How long have you married to this man? Is he the father of your 4 children? Did you raise 4 children with this man? I'm asking because I'm wondering if you have been married to him for a long time and suddenly, he's acting very much out of character. Or is this a fairly new marriage and you are only now finally finding out who he really is.

All of this is on him. You have zero responsibility for his bad behavior and mistreatment of you.

Do you have any friends or family who you can live with for a while so you can find a job and get enough money saved to rent a place to live?

Is your husband still working and earning money? Or is he now also unemployed?

Also, if you have no money, you can go to the welfare office and get at least EBT (food stamps) and maybe even some cash to get you over the hump.

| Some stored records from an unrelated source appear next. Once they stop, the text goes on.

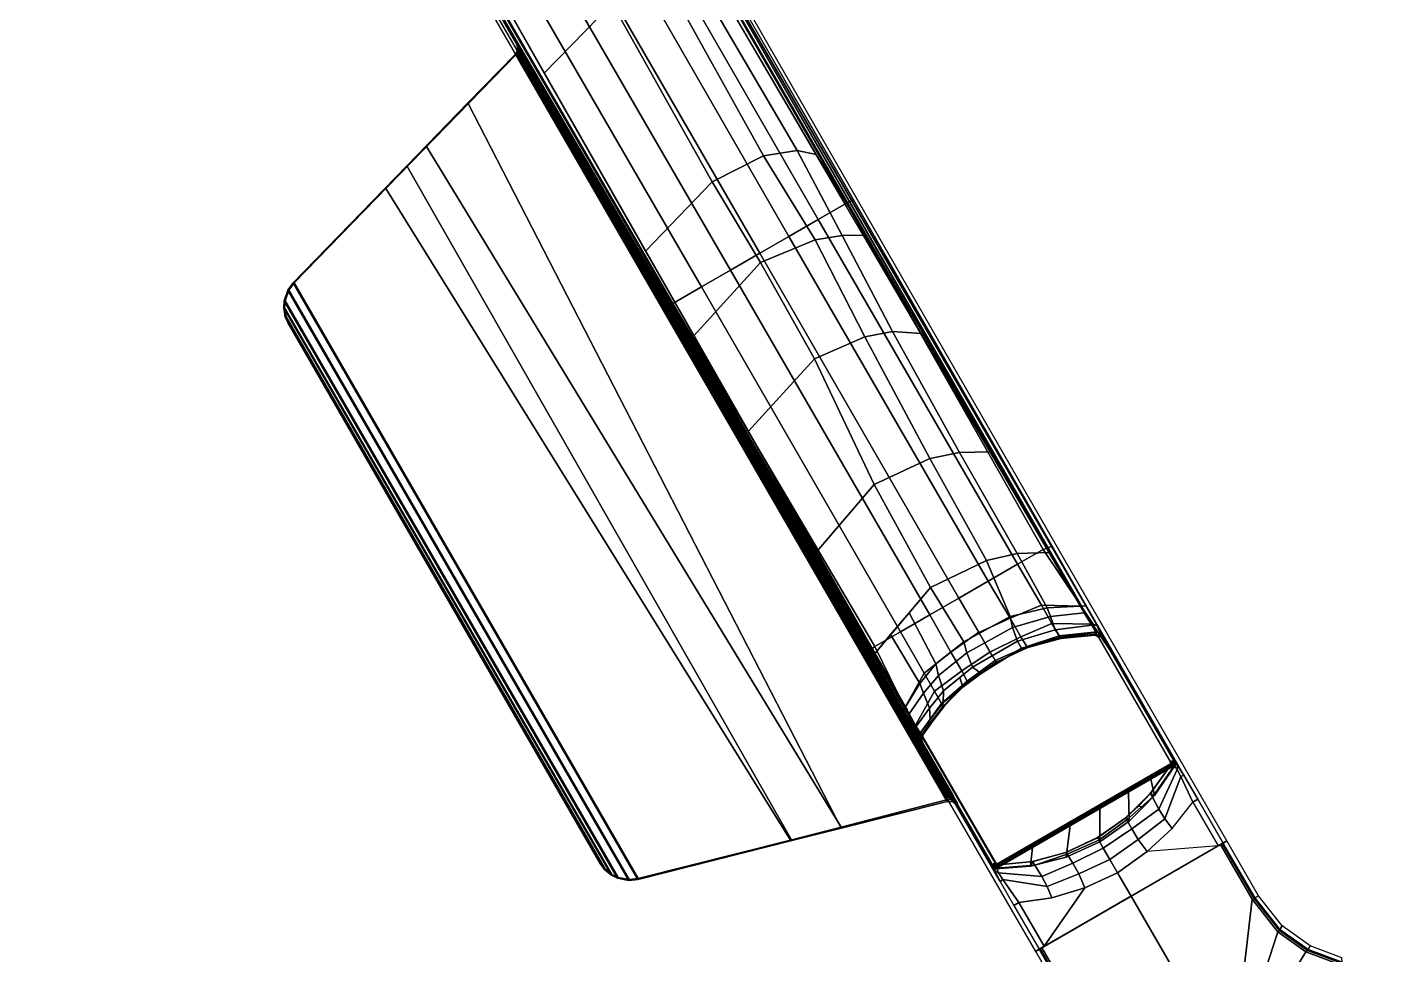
# Model space of a CAD drawing. Header units: feet. Extents: x 1888 to 2477, y 2252 to 2616.
# Drawn here: x 2146.11 to 2155.61, y 2331.21 to 2337.68 of the extents above; entities that cross this region are included whole.
import ezdxf

# ---------------------------------------------------------------- set-up
doc = ezdxf.new("R2010")
doc.units = ezdxf.units.FT
doc.layers.add('TABLE-BASE', color=6, linetype='Continuous')
doc.layers.add('TABLE-TOPVEN', color=6, linetype='Continuous')

# ---------------------------------------------------------------- blocks, each defined once
blk = doc.blocks.new('table')
at = {"layer": 'TABLE-BASE'}
for p, q in [((-42.153, 14.502, 25.958), (-42.149, 14.516, 25.958)), ((-42.153, 14.491, 25.958), (-42.153, 14.502, 25.958)), ((-42.149, 14.481, 25.958), (-42.153, 14.491, 25.958))]:
    blk.add_line(p, q, dxfattribs=at)
for points, invisible_edges in [([(-45.589, 23.632, 2.491), (-45.597, 23.602, 3.117), (-42.658, 18.479, 3.573), (-41.165, 15.938, 2.94)], 4), ([(-42.587, 15.118, 2.94), (-44.041, 17.68, 3.573), (-47.008, 22.788, 3.117), (-47.038, 22.796, 2.491)], 1), ([(-40.934, 15.47, 3.916), (-41.165, 15.938, 2.94), (-42.658, 18.479, 3.573), (-41.185, 15.913, 3.794)], 3), ([(-42.555, 15.122, 3.794), (-44.041, 17.68, 3.573), (-42.587, 15.118, 2.94), (-42.297, 14.684, 3.916)], 6), ([(-40.211, 14.215, 3.948), (-39.892, 13.729, 2.988), (-41.165, 15.938, 2.94), (-40.934, 15.47, 3.916)], 5), ([(-40.978, 15.467, 26.213), (-40.948, 15.419, 26.203), (-40.285, 14.322, 26.696)], 10), ([(-40.272, 14.322, 27.324), (-40.285, 14.322, 26.696), (-40.978, 15.467, 26.213), (-40.683, 15.034, 27.324)], 2), ([(-40.29, 14.322, 26.456), (-40.891, 15.326, 26.145), (-40.948, 15.419, 26.203), (-40.285, 14.322, 26.696)], 5), ([(-40.293, 14.322, 26.308), (-40.863, 15.273, 26.048), (-40.891, 15.326, 26.145), (-40.29, 14.322, 26.456)], 5), ([(-40.296, 14.322, 26.133), (-40.861, 15.26, 25.958), (-40.863, 15.273, 26.048), (-40.293, 14.322, 26.308)], 5), ([(-40.296, 14.322, 26.133), (-40.296, 14.322, 26.133), (-40.847, 15.256, 25.958), (-40.861, 15.26, 25.958)], 10), ([(-40.296, 14.322, 26.133), (-40.296, 14.322, 26.133), (-40.831, 15.242, 25.958), (-40.847, 15.256, 25.958)], 10), ([(-40.31, 14.317, 25.294), (-40.841, 15.238, 25.294), (-40.831, 15.242, 25.958), (-40.296, 14.322, 26.133)], 4), ([(-42.297, 14.684, 3.916), (-42.587, 15.118, 2.94), (-41.31, 12.91, 2.988), (-41.571, 13.429, 3.948)], 5), ([(-42.244, 14.671, 26.203), (-41.625, 13.548, 26.696), (-41.625, 13.548, 26.696), (-42.271, 14.721, 26.213)], 5), ([(-41.625, 13.548, 26.696), (-41.632, 13.537, 27.324), (-42.043, 14.249, 27.324), (-42.271, 14.721, 26.213)], 8), ([(-42.192, 14.575, 26.145), (-41.623, 13.552, 26.456), (-41.625, 13.548, 26.696), (-42.244, 14.671, 26.203)], 5), ([(-42.16, 14.524, 26.048), (-41.622, 13.555, 26.308), (-41.623, 13.552, 26.456), (-42.192, 14.575, 26.145)], 5), ([(-42.149, 14.481, 25.958), (-41.62, 13.558, 26.133), (-41.622, 13.555, 26.308), (-42.16, 14.524, 26.048)], 5), ([(-42.14, 14.488, 25.294), (-41.609, 13.567, 25.294), (-41.62, 13.558, 26.133), (-42.149, 14.481, 25.958)], 4), ([(-39.919, 13.713, 3.882), (-39.892, 13.729, 2.988), (-40.211, 14.215, 3.948), (-40.106, 14.037, 3.882)], 2), ([(-39.892, 13.729, 2.988), (-39.919, 13.713, 3.882), (-39.957, 13.691, 3.939), (-40.602, 13.319, 2.988)], 4), ([(-41.245, 12.948, 3.939), (-41.245, 12.948, 3.939), (-40.602, 13.319, 2.988), (-39.957, 13.691, 3.939)], 6), ([(-41.31, 12.91, 2.988), (-41.571, 13.429, 3.948), (-41.47, 13.25, 3.882), (-41.283, 12.926, 3.882)], 1), ([(-40.6, 13.32, 2.988), (-41.245, 12.948, 3.939), (-41.283, 12.926, 3.882), (-41.31, 12.91, 2.988)], 1)]:
    blk.add_3dface(points, dxfattribs=dict(at, invisible_edges=invisible_edges))
for points in [[(-42.708, 18.454, 3.643), (-45.654, 23.574, 3.188), (-45.867, 23.451, 3.222), (-42.918, 18.332, 3.682)], [(-45.597, 23.602, 3.117), (-45.654, 23.574, 3.188), (-42.708, 18.454, 3.643), (-42.658, 18.479, 3.573)], [(-42.918, 18.332, 3.682), (-45.867, 23.451, 3.222), (-46.081, 23.327, 3.246), (-43.135, 18.207, 3.719)], [(-43.352, 18.082, 3.74), (-43.135, 18.207, 3.719), (-46.081, 23.327, 3.246), (-46.305, 23.199, 3.268)], [(-46.305, 23.199, 3.268), (-46.528, 23.07, 3.246), (-43.567, 17.958, 3.719), (-43.35, 18.083, 3.74)], [(-43.567, 17.958, 3.719), (-46.528, 23.07, 3.246), (-46.742, 22.946, 3.222), (-43.784, 17.833, 3.682)], [(-43.784, 17.833, 3.682), (-46.742, 22.946, 3.222), (-46.955, 22.823, 3.188), (-43.994, 17.711, 3.643)], [(-44.041, 17.68, 3.573), (-43.994, 17.711, 3.643), (-46.955, 22.823, 3.188), (-47.008, 22.788, 3.117)], [(-45.672, 20.536, 27.324), (-41.632, 13.537, 27.324), (-40.272, 14.322, 27.324), (-44.313, 21.321, 27.324)], [(-40.901, 15.353, 26.505), (-44.31, 21.306, 27.008), (-44.313, 21.321, 27.324), (-40.683, 15.034, 27.324)], [(-44.034, 20.774, 26.819), (-44.072, 20.754, 26.797), (-40.978, 15.467, 26.213), (-40.972, 15.458, 26.236)], [(-40.965, 15.448, 26.263), (-40.972, 15.458, 26.236), (-44.034, 20.774, 26.819), (-44.01, 20.781, 26.875)], [(-40.965, 15.448, 26.263), (-44.01, 20.781, 26.875), (-43.994, 20.752, 26.961), (-40.901, 15.353, 26.505)], [(-45.661, 20.526, 27.008), (-42.211, 14.597, 26.505), (-42.043, 14.249, 27.324), (-45.672, 20.536, 27.324)], [(-44.947, 19.417, 26.727), (-45.302, 20.044, 26.797), (-44.814, 20.332, 26.736), (-44.445, 19.933, 26.588)], [(-43.703, 18.612, 26.442), (-44.445, 19.933, 26.588), (-44.058, 20.126, 26.606), (-43.323, 18.804, 26.458)], [(-43.323, 18.804, 26.458), (-44.058, 20.126, 26.606), (-43.844, 20.161, 26.661), (-43.074, 18.844, 26.522)], [(-43.074, 18.844, 26.522), (-43.844, 20.161, 26.661), (-43.707, 20.132, 26.727), (-42.933, 18.814, 26.58)], [(-45.356, 20.004, 26.875), (-45.338, 20.02, 26.819), (-42.266, 14.711, 26.236), (-42.26, 14.7, 26.263)], [(-45.356, 20.004, 26.875), (-42.26, 14.7, 26.263), (-42.211, 14.597, 26.505), (-45.34, 19.975, 26.961)], [(-45.302, 20.044, 26.797), (-42.271, 14.721, 26.213), (-42.266, 14.711, 26.236), (-45.338, 20.02, 26.819)], [(-44.198, 18.099, 26.582), (-44.947, 19.417, 26.727), (-44.445, 19.933, 26.588), (-43.703, 18.612, 26.442)], [(-41.964, 14.021, 27.324), (-41.921, 14.017, 27.324), (-45.144, 19.593, 27.324), (-45.161, 19.558, 27.324)], [(-45.144, 19.593, 27.324), (-45.137, 19.592, 26.995), (-45.154, 19.558, 26.995), (-45.161, 19.558, 27.324)], [(-45.154, 19.558, 26.995), (-45.137, 19.592, 26.995), (-45.138, 19.546, 26.976), (-45.146, 19.541, 26.979)], [(-41.921, 14.017, 27.324), (-41.894, 13.992, 27.324), (-45.151, 19.633, 27.324), (-45.144, 19.593, 27.324)], [(-45.151, 19.633, 27.324), (-45.144, 19.632, 26.995), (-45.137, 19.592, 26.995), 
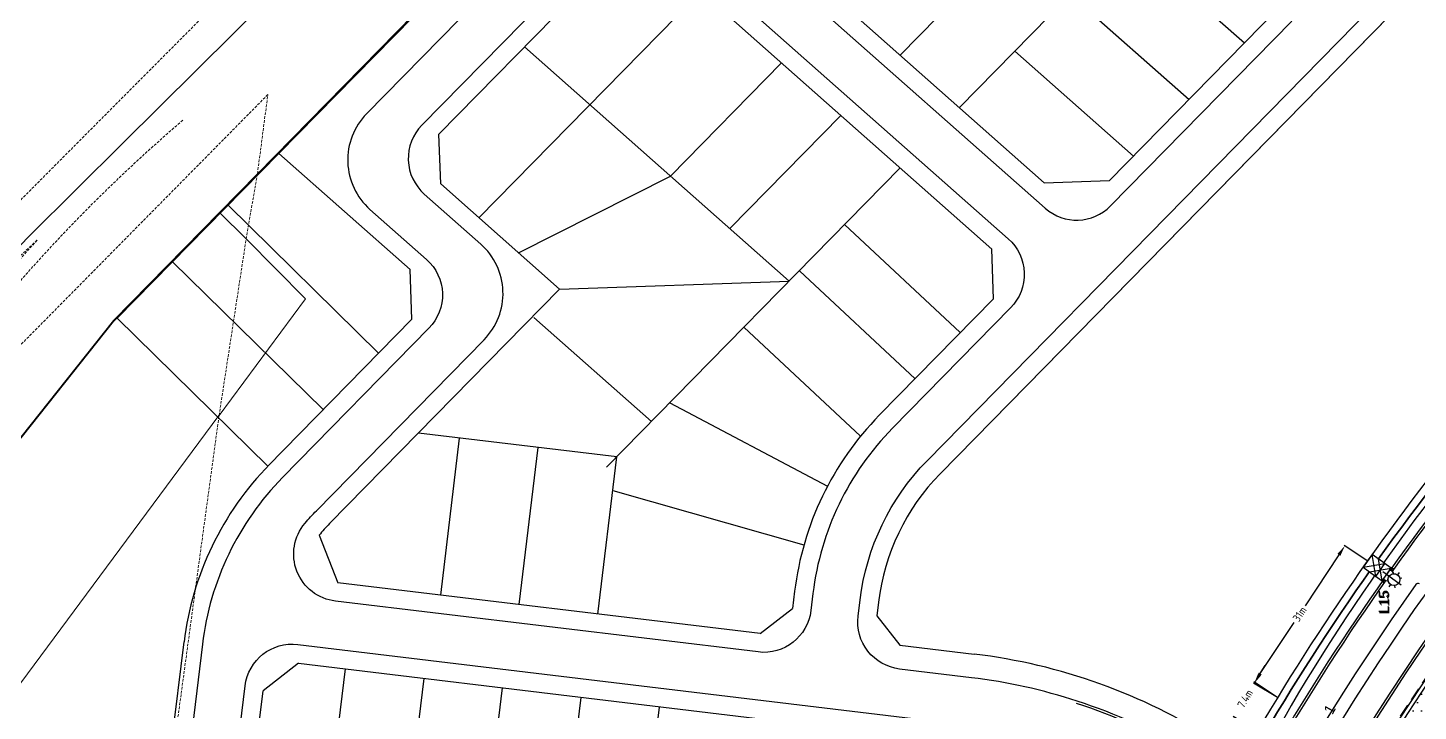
# Model space of a CAD drawing. Extents: x 294483 to 298733, y 6233899 to 6239242.
# Drawn here: x 296102.9 to 296366.6, y 6236890.6 to 6237020.1 of the extents above; entities that cross this region are included whole.
import ezdxf
from ezdxf.enums import TextEntityAlignment as Align

# ---------------------------------------------------------------- set-up
doc = ezdxf.new("R2010")
doc.units = 0
doc.header["$PDSIZE"] = -5
doc.linetypes.add('DASHED', pattern=[0.75, 0.5, -0.25])
for name, color, linetype in [('_USER_SITEPLAN', 7, 'Continuous'), ('_User_SLCP', 6, 'Continuous'), ('Equip_SP_SL_NEW', 2, 'Continuous'), ('Mains_LV_NEW_R6', 2, 'Continuous'), ('Mains_LV_NEW_T84', 2, 'Continuous'), ('Mains_SL_NEW_C57', 2, 'Continuous'), ('Notes', 7, 'Continuous'), ('SupportsOH_SP_TR_HV_LV_SL_EXT', 7, 'Continuous'), ('SupportsUG_SP_LV_SL_NEW', 2, 'Continuous'), ('Trench_SP_NEW', 2, 'Continuous')]:
    doc.layers.add(name, color=color, linetype=linetype)
for name, color, linetype, lineweight in [('Cadastre Developer_SP_EXT', 9, 'Continuous', 5), ('Cadastre Easements_SP_EXT', 9, 'Continuous', 5), ('Cadastre Land Parcels_SP_EXT', 9, 'Continuous', 5), ('Cadastre Roads_SP_EXT', 94, 'Continuous', 15)]:
    doc.layers.add(name, color=color, linetype=linetype, lineweight=lineweight)
doc.styles.add('iecARIAL', font='arial.ttf', dxfattribs={"height": 2})
doc.styles.add('POLE_LABEL', font='arial.ttf')
doc.styles.add('SL_LABEL', font='arial.ttf')
doc.styles.get("Standard").update_dxf_attribs({"font": 'isocp.shx'})
doc.linetypes.add('Cable 4', pattern='A,5.25,-0.1,["o",Standard,S=2,R=0,X=1.5,Y=-0.7],-4', length=9.35)
doc.linetypes.add('Cable 5', pattern='A,10,-1,["o",Standard,S=2,R=0,X=-1,Y=-0.7],-1e-05,["o",Standard,S=2,R=0,X=-0.2,Y=-0.7],-1.2', length=12.20001)
doc.linetypes.add('Cable New UG', pattern='A,7,-0.25,["x",Standard,S=2,R=0,X=0.2,Y=-0.8],-2.1', length=9.35)
doc.dimstyles.get("Standard").update_dxf_attribs({"dimtxt": 0.18, "dimasz": 0.18, "dimexe": 0.18, "dimexo": 0.0625, "dimgap": 0.09, "dimtad": 0, "dimtih": 1, "dimtoh": 1, "dimdec": 4, "dimzin": 0, "dimdsep": 46, "dimtxsty": 'Standard', "dimcen": 0.09, "dimadec": 0, "dimazin": 0, "dimtfac": 1, "dimtdec": 4, "dimtofl": 0, "dimtmove": 0, "dimatfit": 3, "dimfxl": 1, "dimtolj": 1, "dimtzin": 0, "dimarcsym": 0})

# ---------------------------------------------------------------- blocks, each defined once
blk = doc.blocks.new('*U24')
blk.add_line((0, 0), (0, 0))
for tag, p, flags in [('Z', (0, 0), 1), ('OPERATED_BY', (0, -9.61), 9)]:
    blk.add_attdef(tag, p, '', height=0.2, dxfattribs=dict(flags=flags))
at = {"style": 'SL_LABEL', "flags": 9}
blk.add_attdef('STREET_CODE', text='', height=0.2, dxfattribs=at).set_placement((0, -0.2), align=Align.MIDDLE_LEFT)
for tag, height, flags, p in [('STATE', 0.2, 9, (0, -2)), ('CONSTRUCTED_VOLTAGE', 0.2, 9, (0, -0.4)), ('CONTROL_TYPE', 0.2, 9, (0, -0.6)), ('LANTERN_PURPOSE', 0.2, 9, (0, -0.8)), ('LANTERN_TYPE', 0.2, 9, (0, -1)), ('NO_PHASES', 0.2, 9, (0, -1.2)), ('OPERATING_VOLTAGE', 0.2, 9, (0, -1.4)), ('ORIENTATION', 0.2, 9, (0, -1.6)), ('OWNED_BY', 0.2, 9, (0, -1.8)), ('USAGE', 0.2, 9, (0, -2.2)), ('CEXIST', 0.2, 9, (0, -2.4)), ('CNEW', 0.2, 9, (0, -2.6)), ('CNUMBER', 0.2, 9, (0, -2.8)), ('CREMOVE', 0.2, 9, (0, -3)), ('CREPLACE', 0.2, 9, (0, -3.2)), ('LKINGHEIGHT', 0.2, 9, (0, -3.4)), ('LBRACKET', 0.2, 9, (0, -3.6)), ('LNUMBER', 2.5, 8, (1.2, -2.8)), ('LBRACKETVOCAB', 0.2, 9, (0, -3.8)), ('LCATEGORY', 0.2, 9, (0, -4)), ('LCHARGE1', 0.2, 9, (0, -4.2)), ('LCHARGE1PERCENT', 0.2, 9, (0, -4.4)), ('LCHARGE2', 0.2, 9, (0, -4.6)), ('LCHARGE2PERCENT', 0.2, 9, (0, -4.8)), ('LCHARGE3', 0.2, 9, (0, -5)), ('LCHARGE3PERCENT', 0.2, 9, (0, -5.2)), ('LEXIST', 0.2, 9, (0, -5.4)), ('LLAMP', 0.2, 9, (0, -5.6)), ('LLAMPVOCAB', 0.2, 9, (0, -5.8)), ('LMAST', 0.2, 9, (0, -6)), ('LMASTVOCAB', 0.2, 9, (0, -6.2)), ('LNEW', 0.2, 9, (0, -6.4)), ('LANTNUMBER', 0.2, 9, (0, -6.6)), ('LOUTREACH', 0.2, 9, (0, -7)), ('SUBURB', 0.2, 9, (0, -8.6)), ('STREETNAME', 0.2, 9, (0, -8.8)), ('LOUTREACHVOCAB', 0.2, 9, (0, -7.2)), ('LRATECODE', 0.2, 9, (0, -7.4)), ('LREMOVE', 0.2, 9, (0, -7.6)), ('LREPLACE', 0.2, 9, (0, -7.8)), ('LTYPE', 0.2, 9, (0, -8)), ('LTYPEVOCAB', 0.2, 9, (0, -8.2)), ('LEGEND', 0.2, 9, (0, -8.4)), ('LOCATION', 0.2, 9, (0, -9)), ('NOTES', 0.2, 9, (0, -9.2)), ('MAINTAINED_BY', 0.2, 9, (0, -9.86))]:
    blk.add_attdef(tag, text='', height=height, dxfattribs=dict(flags=flags)).set_placement(p, align=Align.MIDDLE_LEFT)
at = {"color": 82, "lineweight": 25, "true_color": 0x23df20}
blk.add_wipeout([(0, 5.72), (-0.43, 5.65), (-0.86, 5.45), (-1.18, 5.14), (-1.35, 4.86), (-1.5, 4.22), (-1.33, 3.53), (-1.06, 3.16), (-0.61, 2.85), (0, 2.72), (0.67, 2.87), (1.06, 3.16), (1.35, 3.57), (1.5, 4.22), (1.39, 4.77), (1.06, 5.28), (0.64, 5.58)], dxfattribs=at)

I'm so sorry this is happening to you.


----------



## thunderchad

Leave this lying, cheating loser.


----------



## BeyondRepair007

I can hear from your post how much you're looking for an answer to the "what went wrong" question.
And you're looking at yourself for what you might have done or said or didn't do or say.

Don't do this to yourself. You won't get any answers there.
All this bad behavior is 100% on him and his brokenness.

In a real marriage if you're unhappy about something you talk to the spouse and work it out.
Going outside the marriage is NEVER justifiable.

He was never in a real marriage.
It looks to me like you were never married to the person you thought you were.

Now you have to regroup and start planning life without him.
Get him out of your head, let him go. 
Start focusing on taking care of yourself and kids.

I'm so sorry you are here but please take care of yourself and those little lives.


----------



## Trustless Marriage

The only one that should be looking in the mirror is the dirtbag you married. This dirtbag has no respect for you and probably considers you property more than anything. The damage has been done. Don't count on him changing. Save what is left of your life and get out.


----------



## QuietGuy

Please get this man out of your life as soon as possible. He is extremely broken and will ruin you emotionally, financially and every other way. None of his actions are your fault. They are 100% his and it is difficult to see how he could ever be a safe partner. Don't walk, Run. Save yourself. Run fast.


----------